You are viewing a plain text version of this content. The canonical link for it is here.
Posted to user@mahout.apache.org by Sandra Clover <sc...@consultant.com> on 2009/09/29 14:47:09 UTC
Classify() method results anomoly - help!
Hi, I'm using Mahout 0.1 for document classification (using the
distributed Bayesian Network) and I'm getting some answers back. I
have noticed 1 thing that is really bugging me. I'm wondering can you
help please:-
Problem: Concernign the Classify() method there are 2 constructors in
the API. The first one returns just one answer (according to the API it
returns: "the single best category"). The second constructor says that
it: "return the top numResults, ranked by score" My problem is that I
have compared and contrasted the results in both techniques. I have
noticed that the single best category does not appear at *all* in the
range of categories given by the second contructor! Strange no? I would
of expected that it should come top of the list. I have gone to a value
of 20 deep in the numResults level and have not even see in the best
category. Has anyone encountered this before? I would appreciate any
comments/suggestions/user-experience that you may like to share. Thanks,
Sandra.
--
An Excellent Credit Score is 750
See Yours in Just 2 Easy Steps!
Re: Classify() method results anomoly - help!

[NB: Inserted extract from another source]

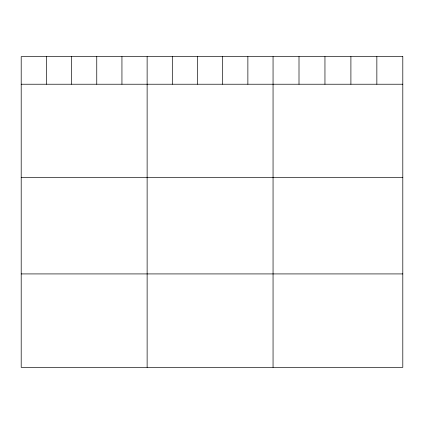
<?xml version="1.0" encoding="UTF-8"?>
<svg xmlns="http://www.w3.org/2000/svg" width="424" height="424" viewBox="0 0 424 424"><rect width="100%" height="100%" fill="white"/><g stroke="black" fill="none" stroke-linecap="round" stroke-linejoin="round"><path stroke-width="0.64" d="M21.2 84.228L402.8 84.228M21.2 177.656L402.8 177.656M21.2 273.92L402.8 273.92M376.851 56.646L376.851 84.228M350.902 56.646L350.902 84.228M324.954 56.646L324.954 84.228M299.005 56.646L299.005 84.228M273.056 56.646L273.056 367.354M247.87 56.646L247.87 84.228M222.685 56.646L222.685 84.228M197.499 56.646L197.499 84.228M172.314 56.646L172.314 84.228M147.128 56.646L147.128 367.354M121.942 56.646L121.942 84.228M96.757 56.646L96.757 84.228M71.571 56.646L71.571 84.228M46.386 56.646L46.386 84.228M402.8 56.646L21.2 56.646L21.2 367.354L402.8 367.354L402.8 56.646"/></g></svg>
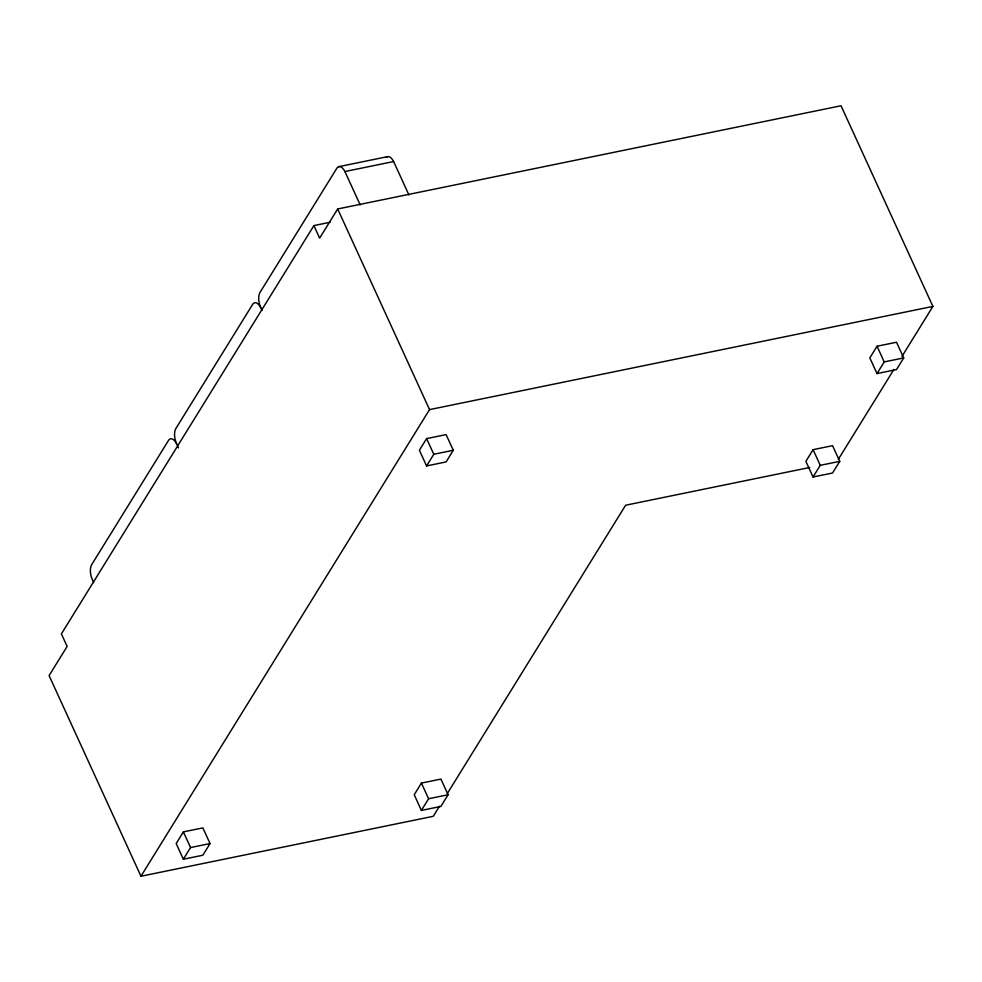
<?xml version="1.0" encoding="UTF-8"?>
<svg xmlns="http://www.w3.org/2000/svg" width="982" height="982" viewBox="0 0 982 982"><rect width="100%" height="100%" fill="white"/><g stroke="black" fill="none" stroke-linecap="round" stroke-linejoin="round"><path stroke-width="1.47" d="M330.136 222.263L313.896 225.602L61.4 633.881L67.132 646.426L49.1 675.591L140.966 876.239L433.246 816.312L439.519 806.161M901.967 356.417L932.9 306.409L841.034 105.761L337.673 208.97L319.629 238.135L313.896 225.602M140.966 876.239L429.539 409.617L932.9 306.409M183.389 831.889L176.171 843.55L183.352 859.225L202.832 855.236L210.05 843.563L202.869 827.887L183.389 831.889L190.557 847.564L183.352 859.225M426.618 438.598L419.4 450.259L426.581 465.934L446.061 461.933L453.279 450.272L446.098 434.596L426.618 438.598L433.786 454.273L426.581 465.934M421.425 783.084L414.22 794.745L421.388 810.42L440.881 806.418L448.087 794.757L440.918 779.082L421.425 783.084L428.606 798.759L421.388 810.42M447.35 793.481L625.62 505.227L809.757 467.481M813.084 449.67L805.866 461.331L813.035 477.007L832.527 473.017L839.745 461.356L832.564 445.668L813.084 449.67L820.252 465.345L813.035 477.007M877.049 346.241L869.831 357.902L877.012 373.577L896.492 369.588L903.71 357.914L896.529 342.239L877.049 346.241L884.217 361.916L877.012 373.577M838.321 459.343L893.915 369.453M338.741 166.67L387.46 156.678M262.022 310.41L260.746 307.636A11.06 5.168 78.4 0 1 260.046 292.39L336.998 167.971A12.042 5.622 78.4 0 1 344.915 171.543L393.622 161.551L408.893 194.89M433.786 454.273L453.279 450.272M884.217 361.916L903.71 357.914M820.252 465.345L839.745 461.356M190.557 847.564L210.05 843.563M428.606 798.759L448.087 794.757M344.915 171.543L360.185 204.882M337.673 208.97L429.539 409.617M260.746 307.636A12.042 5.622 78.4 0 0 252.84 304.064L175.888 428.496A11.06 5.168 78.4 0 0 176.588 443.729L178.491 447.902M93.683 582.608L92.418 579.822A11.06 5.168 78.4 0 1 91.719 564.589L168.671 440.157A12.042 5.622 78.4 0 1 176.588 443.729M386.245 157.378A12.042 5.622 78.4 0 1 393.622 161.551"/></g></svg>

Posted by Grant Ingersoll <gs...@apache.org>.
On Sep 29, 2009, at 8:47 AM, Sandra Clover wrote:
> Hi, I'm using Mahout 0.1 for document classification (using the
> distributed Bayesian Network) and I'm getting some answers
> back. I
> have noticed 1 thing that is really bugging me. I'm wondering can you
> help please:-
> Problem: Concernign the Classify() method there are 2 constructors in
> the API. The first one returns just one answer (according to the API
> it
> returns: "the single best category"). The second constructor says that
> it: "return the top numResults, ranked by score" My problem is that I
> have compared and contrasted the results in both techniques. I have
> noticed that the single best category does not appear at *all* in the
> range of categories given by the second contructor! Strange no? I
> would
> of expected that it should come top of the list. I have gone to a
> value
> of 20 deep in the numResults level and have not even see in the best
> category. Has anyone encountered this before? I would appreciate
> any
> comments/suggestions/user-experience that you may like to share.
> Thanks,
> Sandra.
>
That sounds like a bug. Can you try out the trunk version of Mahout
and see if it is still there? A lot of the classification stuff has
been reworked recently (I'm not even sure at the moment that those two
classify methods are even still in the code!)